*TASK TO COMPLETE*: An acceptable response holds only the line containing "- net N$4: now also R10.1; no longer R5.1" and every line after it to the end of the records, each reproduced exactly.

------ TASK MATERIAL ------

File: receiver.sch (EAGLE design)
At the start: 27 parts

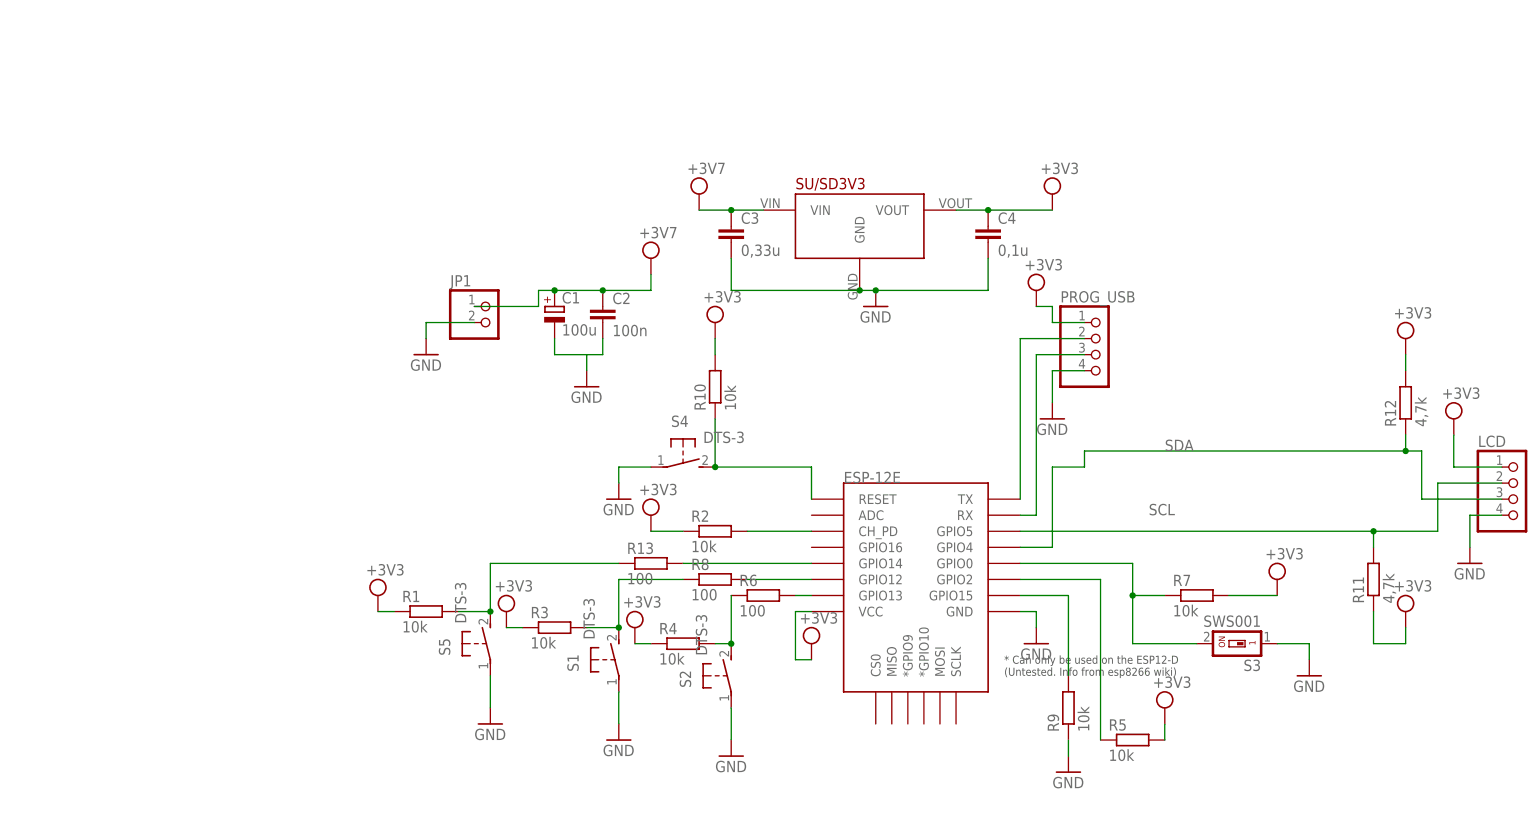
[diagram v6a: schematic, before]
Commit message: Added charger.
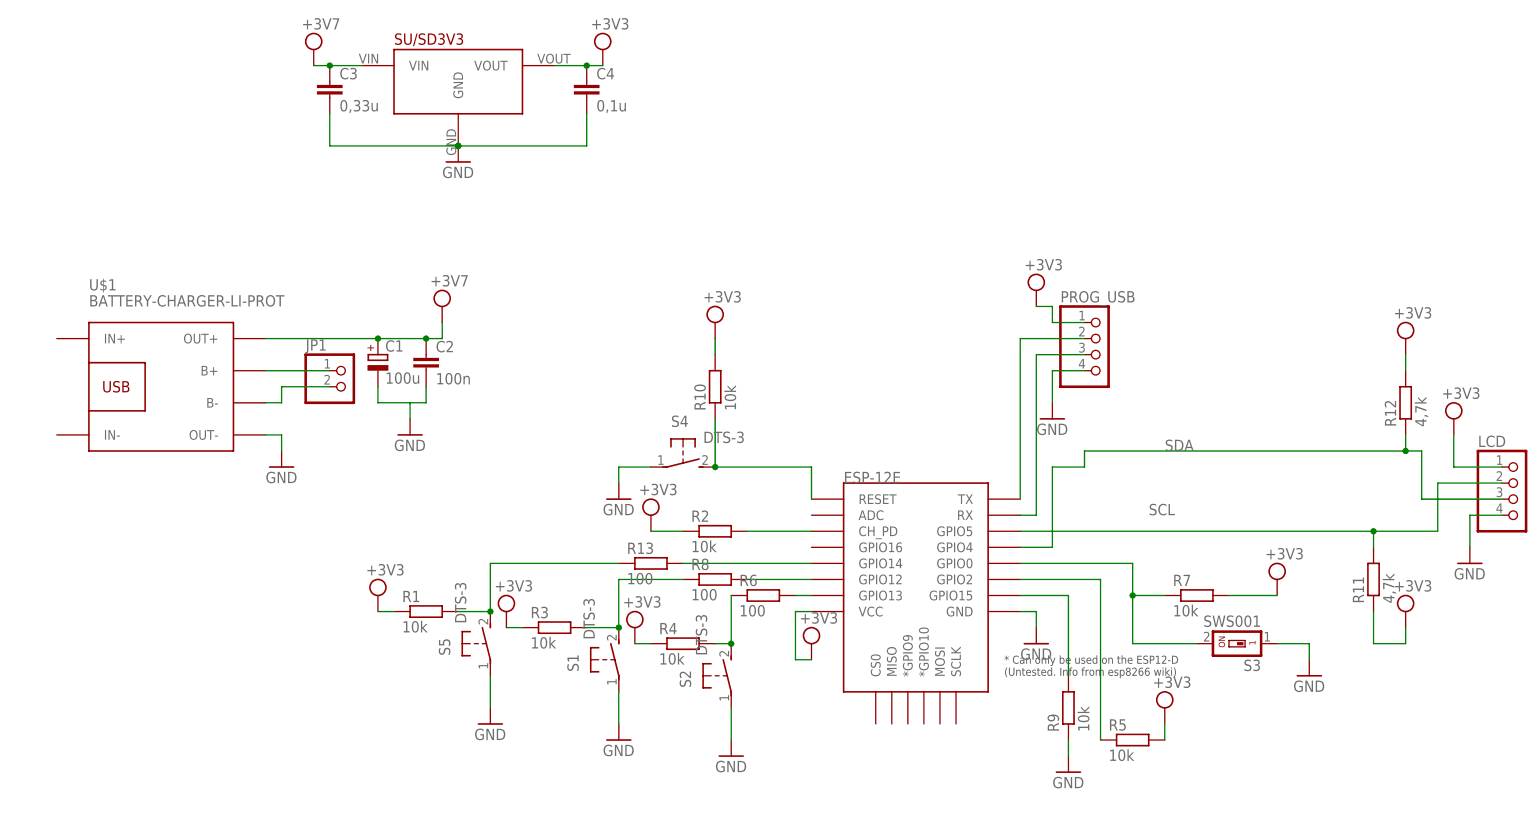
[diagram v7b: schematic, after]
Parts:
- added U$1: BATTERY-CHARGER-LI-PROT, diy-modules:BATTERY-CHARGER-LI-PROT
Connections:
- new net N$16: JP1.2, U$1.B-
- new net N$9: JP1.1, U$1.B+
- net GND: now also U$1.OUT-; no longer JP1.2
- net VCC: now also U$1.OUT+; no longer JP1.1
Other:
- moved on the sheet: C1, C2, C3, C4, JP1, SU/SD3V3
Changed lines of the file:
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@@
 <part name="GND7" library="supply1" library_urn="urn:adsk.eagle:library:371" deviceset="GND" device=""/>
 <part name="SUPPLY6" library="supply2" library_urn="urn:adsk.eagle:library:372" deviceset="VCC" device="" value="+3V3"/>
+<part name="U$1" library="diy-modules" deviceset="BATTERY-CHARGER-LI-PROT" device=""/>
 </parts>
 <sheets>
@@
 <instance part="R4" gate="G$1" x="20.32" y="50.8"/>
 <instance part="R5" gate="G$1" x="91.44" y="35.56"/>
-<instance part="C3" gate="G$1" x="27.94" y="116.84"/>
-<instance part="C4" gate="G$1" x="68.58" y="116.84"/>
-<instance part="GND5" gate="1" x="50.8" y="104.14"/>
-<instance part="JP1" gate="G$1" x="-10.16" y="101.6"/>
-<instance part="GND6" gate="1" x="-20.32" y="96.52"/>
-<instance part="SUPPLY9" gate="G$1" x="22.86" y="121.92"/>
+<instance part="C3" gate="G$1" x="-35.56" y="139.7"/>
+<instance part="C4" gate="G$1" x="5.08" y="139.7"/>
+<instance part="GND5" gate="1" x="-15.24" y="127"/>
+<instance part="JP1" gate="G$1" x="-33.02" y="91.44"/>
+<instance part="GND6" gate="1" x="-43.18" y="78.74"/>
+<instance part="SUPPLY9" gate="G$1" x="-38.1" y="144.78"/>
 <instance part="R6" gate="G$1" x="33.02" y="58.42"/>
-<instance part="C1" gate="G$1" x="0" y="104.14"/>
-<instance part="C2" gate="G$1" x="7.62" y="104.14"/>
-<instance part="SUPPLY3" gate="G$1" x="15.24" y="111.76"/>
-<instance part="GND8" gate="1" x="5.08" y="91.44"/>
+<instance part="C1" gate="G$1" x="-27.94" y="96.52"/>
+<instance part="C2" gate="G$1" x="-20.32" y="96.52"/>
+<instance part="SUPPLY3" gate="G$1" x="-17.78" y="104.14"/>
+<instance part="GND8" gate="1" x="-22.86" y="83.82"/>
 <instance part="R7" gate="G$1" x="101.6" y="58.42"/>
 <instance part="S3" gate="G$1" x="109.22" y="50.8" rot="R90"/>
@@
 <instance part="SUPPLY8" gate="G$1" x="25.4" y="101.6"/>
 <instance part="SUPPLY11" gate="G$1" x="15.24" y="71.12"/>
-<instance part="SUPPLY12" gate="G$1" x="78.74" y="121.92"/>
+<instance part="SUPPLY12" gate="G$1" x="7.62" y="144.78"/>
 <instance part="SUPPLY7" gate="G$1" x="142.24" y="86.36"/>
 <instance part="SUPPLY4" gate="G$1" x="-7.62" y="55.88"/>
@@
 <instance part="SUPPLY17" gate="G$1" x="134.62" y="99.06"/>
 <instance part="SUPPLY18" gate="G$1" x="134.62" y="55.88"/>
-<instance part="SU/SD3V3" gate="J_REG_5V" x="48.26" y="119.38"/>
+<instance part="SU/SD3V3" gate="J_REG_5V" x="-15.24" y="142.24"/>
 <instance part="S5" gate="G$1" x="-10.16" y="50.8"/>
 <instance part="R1" gate="G$1" x="-20.32" y="55.88"/>
@@
 <instance part="GND7" gate="1" x="-10.16" y="38.1"/>
 <instance part="SUPPLY6" gate="G$1" x="-27.94" y="58.42"/>
+<instance part="U$1" gate="G$1" x="-60.96" y="91.44"/>
 </instances>
 <busses>
@@
 <net name="VCC" class="0">
 <segment>
-<pinref part="JP1" gate="G$1" pin="1"/>
-<wire x1="-2.54" y1="106.68" x2="0" y2="106.68" width="0.1524" layer="91"/>
-<pinref part="C1" gate="G$1" pin="+"/>
-<pinref part="C2" gate="G$1" pin="1"/>
-<wire x1="0" y1="106.68" x2="7.62" y2="106.68" width="0.1524" layer="91"/>
-<junction x="0" y="106.68"/>
-<wire x1="7.62" y1="106.68" x2="15.24" y2="106.68" width="0.1524" layer="91"/>
-<junction x="7.62" y="106.68"/>
-<wire x1="15.24" y1="106.68" x2="15.24" y2="109.22" width="0.1524" layer="91"/>
-<pinref part="SUPPLY3" gate="G$1" pin="VCC"/>
-<wire x1="-12.7" y1="104.14" x2="-2.54" y2="104.14" width="0.1524" layer="91"/>
-<wire x1="-2.54" y1="104.14" x2="-2.54" y2="106.68" width="0.1524" layer="91"/>
-</segment>
-<segment>
 <pinref part="C3" gate="G$1" pin="1"/>
-<wire x1="27.94" y1="119.38" x2="22.86" y2="119.38" width="0.1524" layer="91"/>
+<wire x1="-35.56" y1="142.24" x2="-38.1" y2="142.24" width="0.1524" layer="91"/>
 <pinref part="SUPPLY9" gate="G$1" pin="VCC"/>
 <pinref part="SU/SD3V3" gate="J_REG_5V" pin="VIN"/>
-<wire x1="33.02" y1="119.38" x2="27.94" y2="119.38" width="0.1524" layer="91"/>
-<junction x="27.94" y="119.38"/>
+<wire x1="-30.48" y1="142.24" x2="-35.56" y2="142.24" width="0.1524" layer="91"/>
+<junction x="-35.56" y="142.24"/>
 </segment>
 <segment>
@@
 <segment>
 <pinref part="C4" gate="G$1" pin="1"/>
-<wire x1="68.58" y1="119.38" x2="78.74" y2="119.38" width="0.1524" layer="91"/>
+<wire x1="5.08" y1="142.24" x2="7.62" y2="142.24" width="0.1524" layer="91"/>
 <pinref part="SUPPLY12" gate="G$1" pin="VCC"/>
 <pinref part="SU/SD3V3" gate="J_REG_5V" pin="VOUT"/>
-<wire x1="63.5" y1="119.38" x2="68.58" y2="119.38" width="0.1524" layer="91"/>
-<junction x="68.58" y="119.38"/>
+<wire x1="0" y1="142.24" x2="5.08" y2="142.24" width="0.1524" layer="91"/>
+<junction x="5.08" y="142.24"/>
 </segment>
 <segment>
@@
 <wire x1="-27.94" y1="55.88" x2="-25.4" y2="55.88" width="0.1524" layer="91"/>
 </segment>
+<segment>
+<pinref part="C1" gate="G$1" pin="+"/>
+<pinref part="C2" gate="G$1" pin="1"/>
+<wire x1="-27.94" y1="99.06" x2="-20.32" y2="99.06" width="0.1524" layer="91"/>
+<pinref part="U$1" gate="G$1" pin="OUT+"/>
+<wire x1="-45.72" y1="99.06" x2="-27.94" y2="99.06" width="0.1524" layer="91"/>
+<junction x="-27.94" y="99.06"/>
+<wire x1="-20.32" y1="99.06" x2="-17.78" y2="99.06" width="0.1524" layer="91"/>
+<junction x="-20.32" y="99.06"/>
+<pinref part="SUPPLY3" gate="G$1" pin="VCC"/>
+<wire x1="-17.78" y1="99.06" x2="-17.78" y2="101.6" width="0.1524" layer="91"/>
+</segment>
 </net>
 <net name="GND" class="0">
@@
 </segment>
 <segment>
-<wire x1="50.8" y1="106.68" x2="48.26" y2="106.68" width="0.1524" layer="91"/>
-<wire x1="48.26" y1="106.68" x2="27.94" y2="106.68" width="0.1524" layer="91"/>
+<wire x1="-15.24" y1="129.54" x2="-35.56" y2="129.54" width="0.1524" layer="91"/>
 <pinref part="C3" gate="G$1" pin="2"/>
-<wire x1="27.94" y1="111.76" x2="27.94" y2="106.68" width="0.1524" layer="91"/>
+<wire x1="-35.56" y1="134.62" x2="-35.56" y2="129.54" width="0.1524" layer="91"/>
 <pinref part="GND5" gate="1" pin="GND"/>
 <pinref part="SU/SD3V3" gate="J_REG_5V" pin="GND"/>
-<junction x="48.26" y="106.68"/>
+<junction x="-15.24" y="129.54"/>
 <pinref part="C4" gate="G$1" pin="2"/>
-<wire x1="50.8" y1="106.68" x2="68.58" y2="106.68" width="0.1524" layer="91"/>
-<wire x1="68.58" y1="106.68" x2="68.58" y2="111.76" width="0.1524" layer="91"/>
-<junction x="50.8" y="106.68"/>
-</segment>
-<segment>
-<pinref part="JP1" gate="G$1" pin="2"/>
-<wire x1="-12.7" y1="101.6" x2="-20.32" y2="101.6" width="0.1524" layer="91"/>
-<wire x1="-20.32" y1="101.6" x2="-20.32" y2="99.06" width="0.1524" layer="91"/>
-<pinref part="GND6" gate="1" pin="GND"/>
+<wire x1="-15.24" y1="129.54" x2="5.08" y2="129.54" width="0.1524" layer="91"/>
+<wire x1="5.08" y1="129.54" x2="5.08" y2="134.62" width="0.1524" layer="91"/>
+<junction x="-15.24" y="129.54"/>
 </segment>
 <segment>
@@
 <segment>
 <pinref part="C1" gate="G$1" pin="-"/>
-<wire x1="0" y1="99.06" x2="0" y2="96.52" width="0.1524" layer="91"/>
+<wire x1="-27.94" y1="91.44" x2="-27.94" y2="88.9" width="0.1524" layer="91"/>
 <pinref part="C2" gate="G$1" pin="2"/>
-<wire x1="5.08" y1="96.52" x2="7.62" y2="96.52" width="0.1524" layer="91"/>
-<wire x1="7.62" y1="96.52" x2="7.62" y2="99.06" width="0.1524" layer="91"/>
-<wire x1="0" y1="96.52" x2="5.08" y2="96.52" width="0.1524" layer="91"/>
-<wire x1="5.08" y1="96.52" x2="5.08" y2="93.98" width="0.1524" layer="91"/>
+<wire x1="-22.86" y1="88.9" x2="-20.32" y2="88.9" width="0.1524" layer="91"/>
+<wire x1="-20.32" y1="88.9" x2="-20.32" y2="91.44" width="0.1524" layer="91"/>
+<wire x1="-27.94" y1="88.9" x2="-22.86" y2="88.9" width="0.1524" layer="91"/>
+<wire x1="-22.86" y1="88.9" x2="-22.86" y2="86.36" width="0.1524" layer="91"/>
 <pinref part="GND8" gate="1" pin="GND"/>
 </segment>
@@
 <pinref part="GND7" gate="1" pin="GND"/>
 <wire x1="-10.16" y1="45.72" x2="-10.16" y2="40.64" width="0.1524" layer="91"/>
+</segment>
+<segment>
+<pinref part="GND6" gate="1" pin="GND"/>
+<wire x1="-43.18" y1="81.28" x2="-43.18" y2="83.82" width="0.1524" layer="91"/>
+<pinref part="U$1" gate="G$1" pin="OUT-"/>
+<wire x1="-43.18" y1="83.82" x2="-45.72" y2="83.82" width="0.1524" layer="91"/>
 </segment>
 </net>
@@
 </segment>
 </net>
+<net name="N$9" class="0">
+<segment>
+<pinref part="JP1" gate="G$1" pin="1"/>
+<pinref part="U$1" gate="G$1" pin="B+"/>
+<wire x1="-35.56" y1="93.98" x2="-45.72" y2="93.98" width="0.1524" layer="91"/>
+</segment>
+</net>
+<net name="N$16" class="0">
+<segment>
+<pinref part="U$1" gate="G$1" pin="B-"/>
+<wire x1="-45.72" y1="88.9" x2="-43.18" y2="88.9" width="0.1524" layer="91"/>
+<wire x1="-43.18" y1="88.9" x2="-43.18" y2="91.44" width="0.1524" layer="91"/>
+<pinref part="JP1" gate="G$1" pin="2"/>
+<wire x1="-43.18" y1="91.44" x2="-35.56" y2="91.44" width="0.1524" layer="91"/>
+</segment>
+</net>

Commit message: Renamed labels.
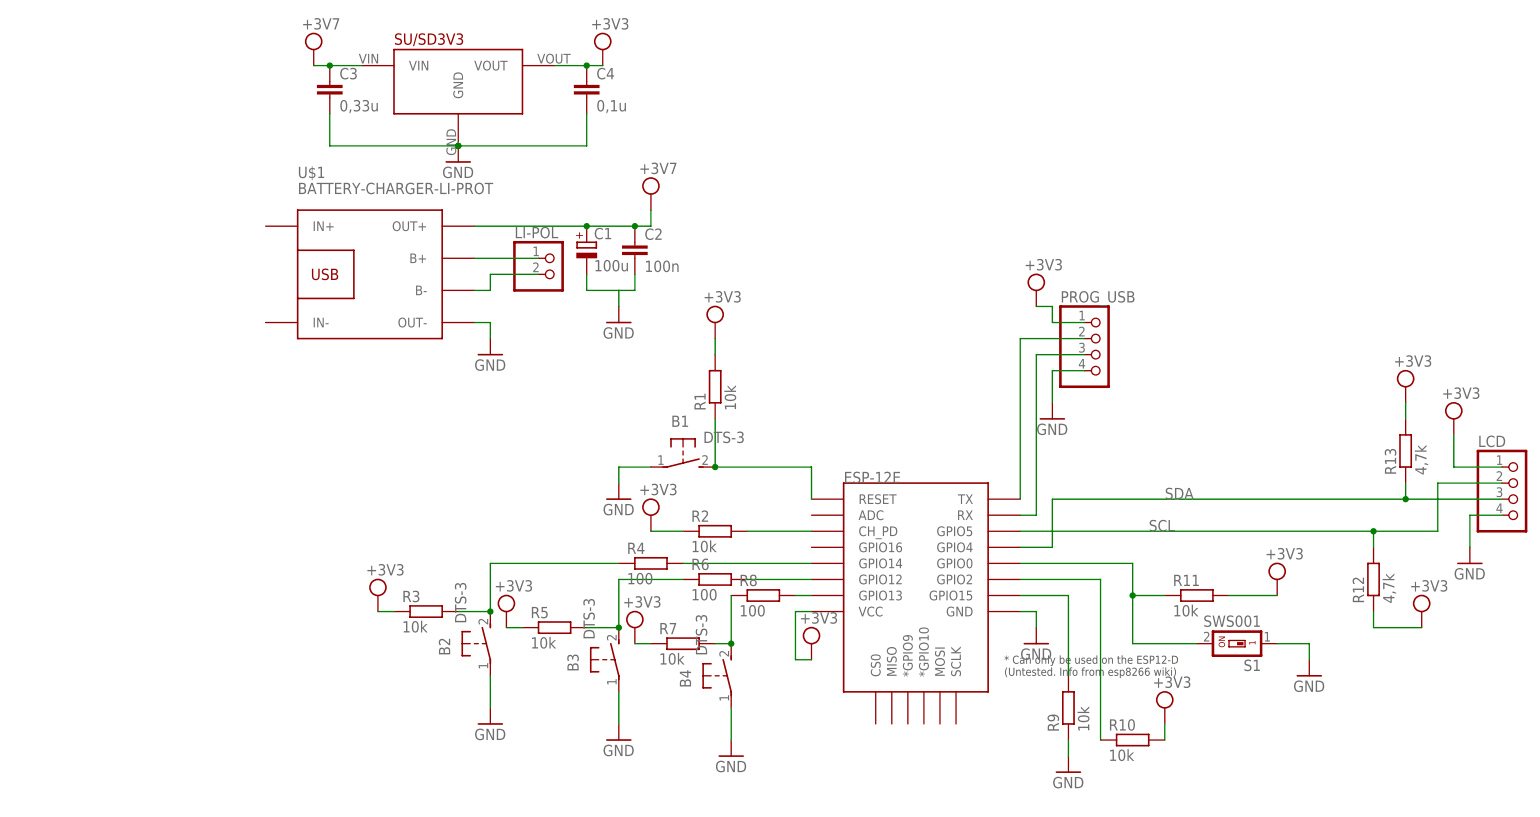
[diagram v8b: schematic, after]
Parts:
- removed JP1: (no value), pinhead:PINHD-1X2
- removed S3: SWS001, smd-special:SWS001
- added B3: DTS-3, switch-tact:DTS-3
- added LI-POL: (no value), pinhead:PINHD-1X2
- R11: value 4,7k -> 10k
- R13: value 100 -> 4,7k
- R4: value 10k -> 100
- S1: value DTS-3 -> SWS001; device switch-tact:DTS-3 -> smd-special:SWS001
- renumbered S2 to B4, S4 to B1, S5 to B2
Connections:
- net GND: now also B3.1; no longer S3.1
- net N$1: now also R1.1; no longer R10.1
- net N$10: now also R8.2; no longer R6.2
- net N$12: now also R4.2; no longer R13.2
- net N$13: now also R3.2, R4.1; no longer R1.2, R13.1
- net N$14: now also B3.2, R5.2, R6.1; no longer R3.2, R8.1, S1.2
- net N$16: now also LI-POL.2; no longer JP1.2
- net N$3: now also R11.1, S1.2; no longer R7.1, S3.2
- net N$4: now also R10.1; no longer R5.1
- net N$7: now also R6.2; no longer R8.2
- net N$8: now also R7.2, R8.1; no longer R4.2, R6.1
- net N$9: now also LI-POL.1; no longer JP1.1
- net SCL: now also R12.2; no longer R11.2
- net SDA: now also R13.1; no longer R12.1
- net VCC: now also R1.2, R11.2, R12.1, R13.2, R5.1, R7.1; no longer R1.1, R11.1, R12.2, R4.1, R5.2, R7.2
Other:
- moved on the sheet: C1, C2, R1, R10, R11, R12, R13, R3, R4, R5, R6, R7

------

*RESPONSE TO THE TASK*:
- net N$4: now also R10.1; no longer R5.1
- net N$7: now also R6.2; no longer R8.2
- net N$8: now also R7.2, R8.1; no longer R4.2, R6.1
- net N$9: now also LI-POL.1; no longer JP1.1
- net SCL: now also R12.2; no longer R11.2
- net SDA: now also R13.1; no longer R12.1
- net VCC: now also R1.2, R11.2, R12.1, R13.2, R5.1, R7.1; no longer R1.1, R11.1, R12.2, R4.1, R5.2, R7.2
Other:
- moved on the sheet: C1, C2, R1, R10, R11, R12, R13, R3, R4, R5, R6, R7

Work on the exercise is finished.